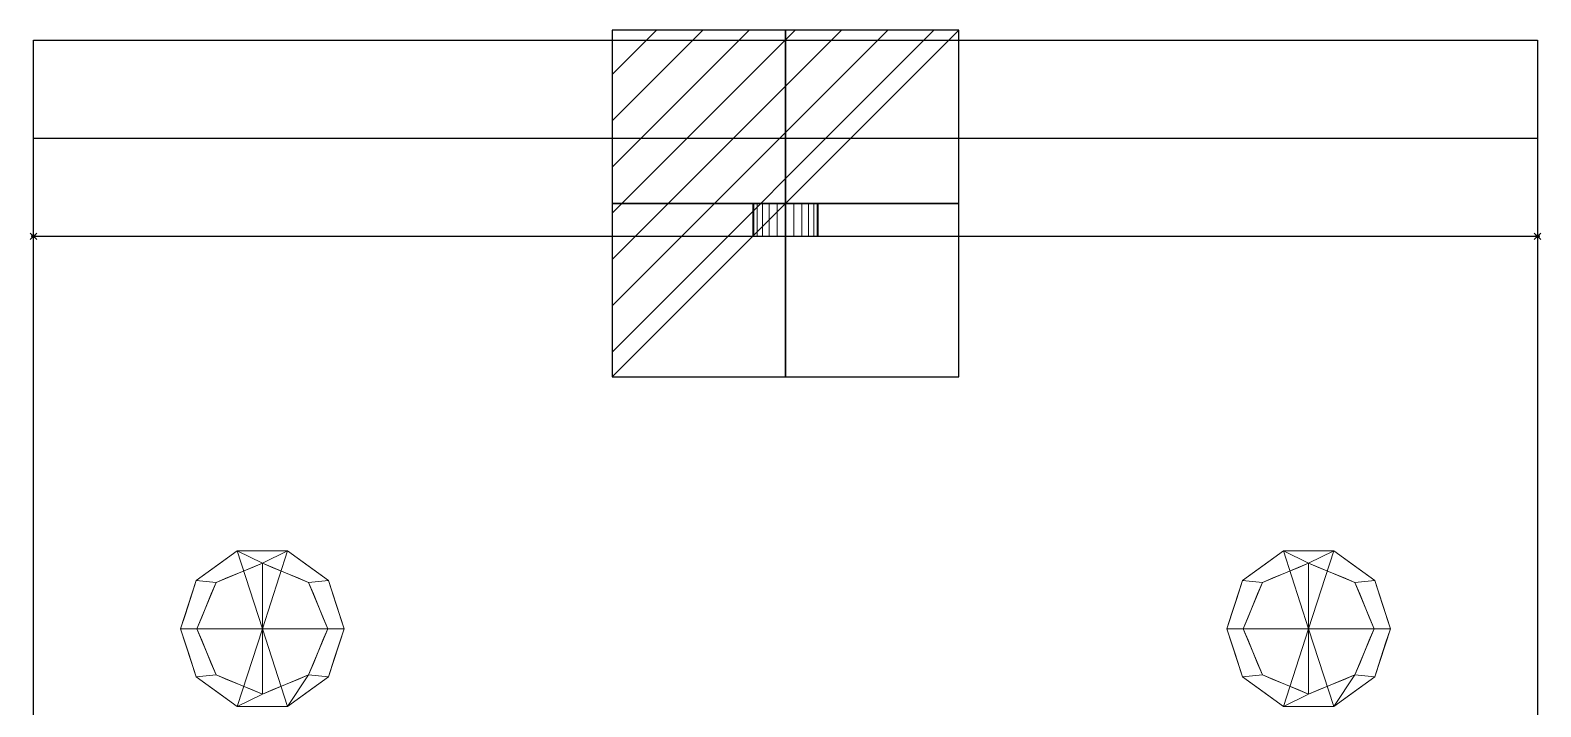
# Model space of a CAD drawing. Extents: x -1 to 461, y -825 to 63.
# Drawn here: x -1 to 461, y -143.9 to 63 of the extents above; entities that cross this region are included whole.
import ezdxf

# ---------------------------------------------------------------- set-up
doc = ezdxf.new("R2010")
doc.units = 0
doc.header["$PDMODE"] = 35
for name, color, linetype in [('IQ_200_2D', 1, 'Continuous'), ('IQ_200_3D', 1, 'Continuous'), ('IQ_204_2D', 7, 'Continuous'), ('IQ_CON_ELECTRICITY_INT', 7, 'Continuous'), ('IQ_INS_3D', 3, 'Continuous')]:
    doc.layers.add(name, color=color, linetype=linetype)

# ---------------------------------------------------------------- blocks, each defined once
blk = doc.blocks.new('*X0')
at = {"color": 0}
for p, q in [((286.774344, 2204.447934), (296.618251, 2214.291842)), ((286.774344, 2205.862148), (295.204037, 2214.291842)), ((286.774344, 2207.276361), (293.789824, 2214.291842)), ((286.774344, 2208.690575), (292.37561, 2214.291842)), ((286.774344, 2210.104788), (290.961397, 2214.291842)), ((286.774344, 2211.519002), (289.547183, 2214.291842)), ((286.774344, 2212.933216), (288.13297, 2214.291842))]:
    blk.add_line(p, q, dxfattribs=at)
blk = doc.blocks.new('ELECTRICITY')
for p, q in [((2.121, 2.121), (-2.121, 2.121)), ((-2.121, 2.121), (-2.121, -2.121)), ((-2.121, -2.121), (2.121, 2.121)), ((2.121, -2.121), (2.121, 2.121)), ((-2.121, -2.121), (2.121, -2.121))]:
    blk.add_line(p, q)
at = {"extrusion": (-1, 0, 0)}
for p, q in [((0, -2.121, 2.121), (0, 2.121, 2.121)), ((0, 2.121, -2.121), (0, -2.121, -2.121)), ((0, 2.121, 2.121), (0, 2.121, -2.121)), ((0, 2.121, -2.121), (0, -2.121, 2.121)), ((0, -2.121, -2.121), (0, -2.121, 2.121))]:
    blk.add_line(p, q, dxfattribs=at)
at = {"extrusion": (0, -1, 0)}
for p, q in [((2.121, 0, 2.121), (-2.121, 0, 2.121)), ((-2.121, 0, -2.121), (2.121, 0, -2.121)), ((-2.121, 0, 2.121), (-2.121, 0, -2.121)), ((-2.121, 0, -2.121), (2.121, 0, 2.121)), ((2.121, 0, -2.121), (2.121, 0, 2.121))]:
    blk.add_line(p, q, dxfattribs=at)
at = {"xscale": 0.4000000000000909, "yscale": 0.4000000000000909, "zscale": 0.4000000000000909}
blk.add_blockref('*X0', (-116.831, -883.595), dxfattribs=at)
at = {"extrusion": (-1, 0, 0), "xscale": 0.3999999999999773, "yscale": 0.3999999999999773, "zscale": 0.3999999999999773}
blk.add_blockref('*X0', (-116.831, -883.595), dxfattribs=at)
at = {"extrusion": (0, -1, 0), "xscale": 0.4000000000000909, "yscale": 0.4000000000000909, "zscale": 0.4000000000000909}
blk.add_blockref('*X0', (-116.831, -883.595), dxfattribs=at)

msp = doc.modelspace()

# ---------------------------------------------------------------- linework, layer by layer
at = {"layer": 'IQ_200_2D'}
for p, q in [((0, 0), (460, 0)), ((0, -570), (0, 0)), ((460, 0), (460, -570))]:
    msp.add_line(p, q, dxfattribs=at)
at = {"layer": 'IQ_204_2D'}
for p, q in [((0, 30), (0, 60)), ((0, 60), (460, 60)), ((460, 60), (460, 30)), ((0, 0), (0, 30)), ((0, 30), (460, 30)), ((460, 30), (460, 0))]:
    msp.add_line(p, q, dxfattribs=at)
at = {"layer": 'IQ_INS_3D'}
for p in [(0, 0), (460, 0)]:
    msp.add_point(p, dxfattribs=at)

# ---------------------------------------------------------------- block references
at = {"layer": 'IQ_CON_ELECTRICITY_INT', "xscale": 25, "yscale": 25, "zscale": 25}
msp.add_blockref('ELECTRICITY', (230, 10), dxfattribs=at)

# ---------------------------------------------------------------- meshes
at = {"layer": 'IQ_200_3D', "lineweight": 9}
mesh = msp.add_polyface(dxfattribs=at)
corners = [(0, 60, 785), (0, 0, 785), (0, 0, 839), (0, 60, 839)]
mesh.append_faces([[corners[k] for k in face] for face in [(0, 1, 2, 3)]])
mesh = msp.add_polyface(dxfattribs=at)
corners = [(460, 60, 839), (0, 60, 839), (0, 0, 839), (460, 0, 839)]
mesh.append_faces([[corners[k] for k in face] for face in [(0, 1, 2, 3)]])
mesh = msp.add_polyface(dxfattribs=at)
corners = [(460, 0, 785), (0, 0, 785), (0, 60, 785), (460, 60, 785)]
mesh.append_faces([[corners[k] for k in face] for face in [(0, 1, 2, 3)]])
mesh = msp.add_polyface(dxfattribs=at)
corners = [(460, 60, 785), (0, 60, 785), (0, 60, 839), (460, 60, 839)]
mesh.append_faces([[corners[k] for k in face] for face in [(0, 1, 2, 3)]])
mesh = msp.add_polyface(dxfattribs=at)
corners = [(460, 0, 839), (460, 0, 785), (460, 60, 785), (460, 60, 839)]
mesh.append_faces([[corners[k] for k in face] for face in [(0, 1, 2, 3)]])
mesh = msp.add_polyface(dxfattribs=at)
corners = [(0, 30, 859), (0, 0, 859), (0, 0, 1239), (0, 30, 1239)]
mesh.append_faces([[corners[k] for k in face] for face in [(0, 1, 2, 3)]])
mesh = msp.add_polyface(dxfattribs=at)
corners = [(460, 30, 1239), (0, 30, 1239), (0, 0, 1239), (460, 0, 1239)]
mesh.append_faces([[corners[k] for k in face] for face in [(0, 1, 2, 3)]])
mesh = msp.add_polyface(dxfattribs=at)
corners = [(460, 0, 859), (0, 0, 859), (0, 30, 859), (460, 30, 859)]
mesh.append_faces([[corners[k] for k in face] for face in [(0, 1, 2, 3)]])
mesh = msp.add_polyface(dxfattribs=at)
corners = [(460, 30, 859), (0, 30, 859), (0, 30, 1239), (460, 30, 1239)]
mesh.append_faces([[corners[k] for k in face] for face in [(0, 1, 2, 3)]])
mesh = msp.add_polyface(dxfattribs=at)
corners = [(460, 0, 1239), (460, 0, 859), (460, 30, 859), (460, 30, 1239)]
mesh.append_faces([[corners[k] for k in face] for face in [(0, 1, 2, 3)]])
mesh = msp.add_polyface(dxfattribs=at)
corners = [(220, 10, 689), (220.34, 10, 691.59), (221.34, 10, 694), (222.93, 10, 696.07), (225, 10, 697.66), (227.41, 10, 698.66), (230, 10, 699), (232.59, 10, 698.66), (235, 10, 697.66), (237.07, 10, 696.07), (238.66, 10, 694), (239.66, 10, 691.59), (240, 10, 689), (239.66, 10, 686.41), (238.66, 10, 684), (237.07, 10, 681.93), (235, 10, 680.34), (232.59, 10, 679.34), (230, 10, 679), (227.41, 10, 679.34), (225, 10, 680.34), (222.93, 10, 681.93), (221.34, 10, 684), (220.34, 10, 686.41)]
mesh.append_faces([[corners[k] for k in face] for face in [(10, 8, 9), (5, 3, 4), (22, 20, 21)]], dxfattribs={"vtx0": -1})
mesh.append_faces([[corners[k] for k in face] for face in [(17, 19, 15, 16), (1, 20, 0)]], dxfattribs={"vtx0": -1, "vtx1": -1})
mesh.append_faces([[corners[k] for k in face] for face in [(15, 8, 12, 14), (20, 3, 15, 19)]], dxfattribs={"vtx0": -1, "vtx1": -1, "vtx2": -1})
mesh.append_faces([[corners[k] for k in face] for face in [(3, 7, 8, 15)]], dxfattribs={"vtx0": -1, "vtx2": -1, "vtx3": -1})
mesh.append_faces([[corners[k] for k in face] for face in [(18, 19, 17)]], dxfattribs={"vtx1": -1})
mesh.append_faces([[corners[k] for k in face] for face in [(11, 12, 8, 10)]], dxfattribs={"vtx1": -1, "vtx2": -1})
mesh.append_faces([[corners[k] for k in face] for face in [(12, 13, 14)]], dxfattribs={"vtx2": -1})
mesh.append_faces([[corners[k] for k in face] for face in [(5, 6, 7, 3), (1, 2, 3, 20), (22, 23, 0, 20)]], dxfattribs={"vtx2": -1, "vtx3": -1})
mesh = msp.add_polyface(dxfattribs=at)
corners = [(240, 10, 689), (239.66, 10, 691.59), (238.66, 10, 694), (237.07, 10, 696.07), (235, 10, 697.66), (232.59, 10, 698.66), (230, 10, 699), (227.41, 10, 698.66), (225, 10, 697.66), (222.93, 10, 696.07), (221.34, 10, 694), (220.34, 10, 691.59), (220, 10, 689), (220, 0, 689), (220.34, 0, 691.59), (221.34, 0, 694), (222.93, 0, 696.07), (225, 0, 697.66), (227.41, 0, 698.66), (230, 0, 699), (232.59, 0, 698.66), (235, 0, 697.66), (237.07, 0, 696.07), (238.66, 0, 694), (239.66, 0, 691.59), (240, 0, 689)]
mesh.append_faces([[corners[k] for k in face] for face in [(13, 14, 11, 12), (0, 1, 24, 25)]], dxfattribs={"vtx1": -1})
mesh.append_faces([[corners[k] for k in face] for face in [(14, 15, 10, 11), (16, 17, 8, 9), (15, 16, 9, 10), (17, 18, 7, 8), (6, 7, 18, 19), (19, 20, 5, 6), (20, 21, 4, 5), (22, 23, 2, 3), (21, 22, 3, 4), (23, 24, 1, 2)]], dxfattribs={"vtx1": -1, "vtx3": -1})
mesh = msp.add_polyface(dxfattribs=at)
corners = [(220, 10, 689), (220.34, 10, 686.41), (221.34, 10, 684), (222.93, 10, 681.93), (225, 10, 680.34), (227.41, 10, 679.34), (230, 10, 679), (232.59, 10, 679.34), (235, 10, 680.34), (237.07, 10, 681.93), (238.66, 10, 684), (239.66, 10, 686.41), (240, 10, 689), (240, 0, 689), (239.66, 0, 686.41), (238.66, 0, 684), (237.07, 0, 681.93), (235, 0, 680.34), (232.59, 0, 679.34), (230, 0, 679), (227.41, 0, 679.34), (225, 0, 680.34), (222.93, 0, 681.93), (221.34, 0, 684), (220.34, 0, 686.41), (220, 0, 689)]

EXERCISE DIRECTIONS
Scan the entries for the word "yscale". Report each line that has it.

COMPLETED TASK
at = {"xscale": 0.4000000000000909, "yscale": 0.4000000000000909, "zscale": 0.4000000000000909}
at = {"extrusion": (-1, 0, 0), "xscale": 0.3999999999999773, "yscale": 0.3999999999999773, "zscale": 0.3999999999999773}
at = {"extrusion": (0, -1, 0), "xscale": 0.4000000000000909, "yscale": 0.4000000000000909, "zscale": 0.4000000000000909}
at = {"layer": 'IQ_CON_ELECTRICITY_INT', "xscale": 25, "yscale": 25, "zscale": 25}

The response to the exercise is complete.